Welcome to the CABE!
It's a Schwinn "Pea Picker" Krate which is a collectable and pretty desireable model, and it looks complete. However from what I've seen most Stingray/Krate collectors want nice originals, or restored bikes. I'm not a Krate or Stingray collector myself, but if I had to put a price on it I would say around the $400 - $500 range.
Although it's a desirable model, you're going to have a somewhat limited audience to market it to, due to the poor condition.


----------



## COB (Jun 23, 2018)

Cool bike. I cannot tell you what it might be worth but if you are planning on selling the bike, I would suggest leaving it as-found. Leave the vision for the bike to the new owner.


----------



## pikljoose (Jun 23, 2018)

I love it.

eBay.

Start it at $1, NR.

Someone on the West Coast will put new rubber on it, and go ride the boardwalk.


----------



## vincev (Jun 23, 2018)

In the $400 range to the right buyer.Poor condition


----------



## THE STIG (Jun 23, 2018)

Thats a 1 number


----------



## Robert Ponds (Jun 23, 2018)

I want to put rubber on it and ride it on the beach, that was my exact thought. Everything works but the back brake cable is really tight will consider selling it to the right buyer.


----------



## OldBikeGuy77 (Jun 30, 2018)

PM sent

Sent from my SM-G930P using Tapatalk


----------



## Reesatheresa (Jul 6, 2018)

PM sent


----------



## keith kodish (Jul 6, 2018)

This bike has been on Facelift for wahile,at 400. Trollin,trollin,trollin,...[emoji848][emoji849][emoji37]

Sent from my SM-G950U using Tapatalk


----------



## Reesatheresa (Jul 6, 2018)

I did see it on there and was wondering. 

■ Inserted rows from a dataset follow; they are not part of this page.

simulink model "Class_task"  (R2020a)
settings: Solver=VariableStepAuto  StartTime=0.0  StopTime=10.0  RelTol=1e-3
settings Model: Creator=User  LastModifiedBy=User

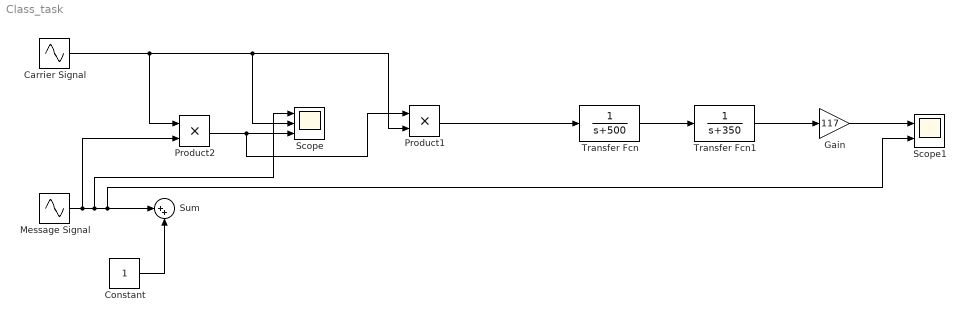
== system Class_task ==
  Carrier Signal : Sin  Amplitude=58  Frequency=2*pi*86  SampleTime=1/5000
  Constant : Constant
  Gain : Gain  Gain=117
  Message Signal : Sin  Amplitude=18  Frequency=2*pi*36  Phase=58  SampleTime=1/5000
  Product1 : Product
  Product2 : Product
  Scope : Scope  NumInputPorts=3
  Scope1 : Scope  NumInputPorts=2
  Sum : Sum  Inputs=|++
  Transfer Fcn : TransferFcn  Denominator=[1 500]
  Transfer Fcn1 : TransferFcn  Denominator=[1 350]
  wires:
  Constant/1 -> Sum/2
  Message Signal/1 -> Product2/2, Scope/1, Scope1/2, Sum/1
  Carrier Signal/1 -> Product1/2, Scope/2, Product2/1
  Product2/1 -> Product1/1, Scope/3
  Product1/1 -> Transfer Fcn/1
  Transfer Fcn/1 -> Transfer Fcn1/1
  Transfer Fcn1/1 -> Gain/1
  Gain/1 -> Scope1/1
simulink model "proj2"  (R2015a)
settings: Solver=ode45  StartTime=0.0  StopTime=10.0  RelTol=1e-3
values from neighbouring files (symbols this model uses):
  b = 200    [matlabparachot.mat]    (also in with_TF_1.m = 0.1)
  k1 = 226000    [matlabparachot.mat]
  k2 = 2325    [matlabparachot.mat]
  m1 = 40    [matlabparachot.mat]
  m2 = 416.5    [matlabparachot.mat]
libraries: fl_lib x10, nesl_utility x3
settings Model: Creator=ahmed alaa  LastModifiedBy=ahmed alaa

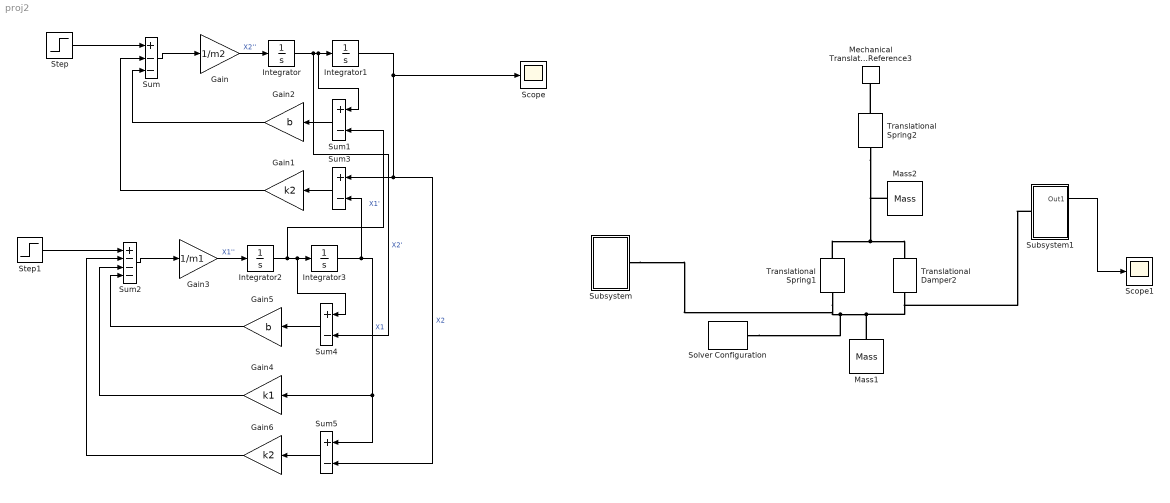
== system proj2 ==
  Gain : Gain  Gain=1/m2
  Gain1 : Gain  Gain=k2
  Gain2 : Gain  Gain=b
  Gain3 : Gain  Gain=1/m1
  Gain4 : Gain  Gain=k1
  Gain5 : Gain  Gain=b
  Gain6 : Gain  Gain=k2
  Integrator{,1..3} (4 alike) : Integrator
  Mass1 : fl_lib/Mechanical/Translational Elements/Mass  mass=m2 kg  v_specify=off  v_priority=High  v=0 m/s  f_specify=off  f_priority=High  f=0 N
  Mass2 : fl_lib/Mechanical/Translational Elements/Mass  mass=m1 kg  v_specify=off  v_priority=High  v=0 m/s  f_specify=off  f_priority=High  f=0 N
  Mechanical Translational Reference3 : fl_lib/Mechanical/Translational Elements/Mechanical Translational Reference
  Scope : Scope
      settings: YMin=-1  YMax=1
  Scope1 : Scope
      settings: TimeRange=60  YMin=0  YMax=10
  Solver Configuration : nesl_utility/Solver Configuration  PhysicalDomain=network_engine_domain  SubClassName=solver  LeftPortType=input  RightPortType=generic  Accelerate=off  Tones=[]  Harmonics=[]  SimulateNoise=off  Profile=off  UseLocalSampling=off  EnableSwitchedLinearOptims=on  FrequencyDomain=off  UseCCode=off  RelTol=0.001  AbsTol=1e-06  MinStep=1e-09  ToWorkspace=off  RevertToSquareIcSolve=off  NumHomotopyIterations=100  DoDC=off  ResidualTolerance=1e-09  UseLocalSolver=off  LocalSolverChoice=NE_BACKWARD_EULER_ADVANCER  LocalSolverSampleTime=0.001  DoFixedCost=off  MaxNonlinIter=3  MaxModeIter=2  LinearAlgebra=Sparse  DelaysMemoryBudget=1024  AutomaticFiltering=on  FilteringTimeConstant=0.001
  Step : Step  SampleTime=0
  Step1 : Step  SampleTime=0
  Subsystem : Subsystem
  Subsystem1 : Subsystem
  Sum : Sum  Inputs=+--
  Sum{1,3..5} (4 alike) : Sum  Inputs=+-
  Sum2 : Sum  Inputs=+---
  Translational Damper2 : fl_lib/Mechanical/Translational Elements/Translational Damper  D=b N/(m/s)  v_specify=off  v_priority=High  v=0 m/s  f_specify=off  f_priority=High  f=0 N
  Translational Spring1 : fl_lib/Mechanical/Translational Elements/Translational Spring  spr_rate=k2 N/m  v_specify=off  v_priority=High  v=0 m/s  f_specify=off  f_priority=High  f=0 N  x_specify=off  x_priority=High  x=0 m
  Translational Spring2 : fl_lib/Mechanical/Translational Elements/Translational Spring  spr_rate=k1 N/m  v_specify=off  v_priority=High  v=0 m/s  f_specify=off  f_priority=High  f=0 N  x_specify=off  x_priority=High  x=0 m
  wires:
  Integrator/1 -> Sum4/2, Sum1/1, Integrator1/1  "X2'"
  Integrator1/1 -> Sum5/2, Sum3/1, Scope/1  "X2"
  Gain/1 -> Integrator/1  "X2''"
  Sum/1 -> Gain/1
  Gain2/1 -> Sum/3
  Gain1/1 -> Sum/2
  Step/1 -> Sum/1
  Integrator2/1 -> Sum1/2, Sum4/1, Integrator3/1  "X1'"
  Integrator3/1 -> Sum3/2, Sum5/1, Gain4/1  "X1"
  Gain3/1 -> Integrator2/1  "X1''"
  Sum2/1 -> Gain3/1
  Gain5/1 -> Sum2/4
  Gain4/1 -> Sum2/3
  Step1/1 -> Sum2/1
  Sum1/1 -> Gain2/1
  Sum3/1 -> Gain1/1
  Sum4/1 -> Gain5/1
  Sum5/1 -> Gain6/1
  Gain6/1 -> Sum2/2
  Subsystem1/1(Out1) -> Scope1/1
  connections:
  Translational Spring1/LConn1 -- Mass2/LConn1 -- Translational Spring2/RConn1 -- Translational Damper2/LConn1
  Solver Configuration/RConn1 -- Subsystem/RConn1 -- Translational Spring1/RConn1 -- Subsystem1/LConn1 -- Translational Damper2/RConn1 -- Mass1/LConn1
  Translational Spring2/LConn1 -- Mechanical Translational Reference3/LConn1

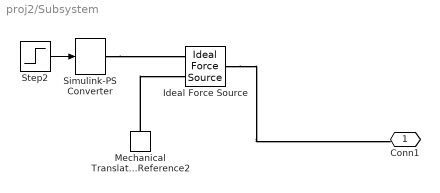
== system proj2/Subsystem ==
  Ideal Force Source : fl_lib/Mechanical/Mechanical Sources/Ideal Force Source
  Mechanical Translational Reference2 : fl_lib/Mechanical/Translational Elements/Mechanical Translational Reference
  Simulink-PS Converter : nesl_utility/Simulink-PS Converter  PhysicalDomain=network_engine_domain  SubClassName=ps_input  LeftPortType=input  RightPortType=output  PseudoPeriodic=off  Frequencies=[]  NoiseDistribution=none  NoiseParameters=[]  Unit=1  AffineConversion=off  InputFiltering=off  SimscapeFilterOrder=1  InputFilterTimeConstant=0.001  UdotUserProvided=1
  Step2 : Step  SampleTime=0
  Conn1 : PMIOPort  Port=1  Side=Right
  wires:
  Step2/1 -> Simulink-PS Converter/1
  connections:
  Ideal Force Source/LConn1 -- Conn1/RConn1
  Mechanical Translational Reference2/LConn1 -- Ideal Force Source/RConn2
  Simulink-PS Converter/RConn1 -- Ideal Force Source/RConn1

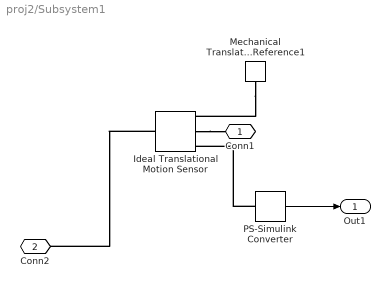
== system proj2/Subsystem1 ==
  Ideal Translational Motion Sensor : fl_lib/Mechanical/Mechanical Sensors/Ideal Translational Motion Sensor  offset=0 m
  Mechanical Translational Reference1 : fl_lib/Mechanical/Translational Elements/Mechanical Translational Reference
  PS-Simulink Converter : nesl_utility/PS-Simulink Converter  PhysicalDomain=network_engine_domain  SubClassName=ps_output  LeftPortType=input  RightPortType=output  PseudoPeriodic=off  Frequencies=[]  Unit=1  AffineConversion=off
  Conn1 : PMIOPort  Port=1  Side=Right
  Conn2 : PMIOPort  Port=2  Side=Left
  Out1 : Outport
  wires:
  PS-Simulink Converter/1 -> Out1/1
  connections:
  Ideal Translational Motion Sensor/RConn2 -- Conn1/RConn1
  Ideal Translational Motion Sensor/LConn1 -- Conn2/RConn1
  Mechanical Translational Reference1/LConn1 -- Ideal Translational Motion Sensor/RConn1
  PS-Simulink Converter/LConn1 -- Ideal Translational Motion Sensor/RConn3

Sent from my SM-G930P using Tapatalk


----------



## vincev (Jul 7, 2018)

keith kodish said:


> This bike has been on Facelift for wahile,at 400. Trollin,trollin,trollin,...[emoji848][emoji849][emoji37]
> 
> Sent from my SM-G950U using Tapatalk



what is Facelift ?? Is it on fb ?


----------



## GTs58 (Jul 7, 2018)

vincev said:


> what is Facelift ?? Is it on fb ?




Ya, facebook, facelift, faceplant, all the same thing. There's other names too, but we won't get into that right now.


----------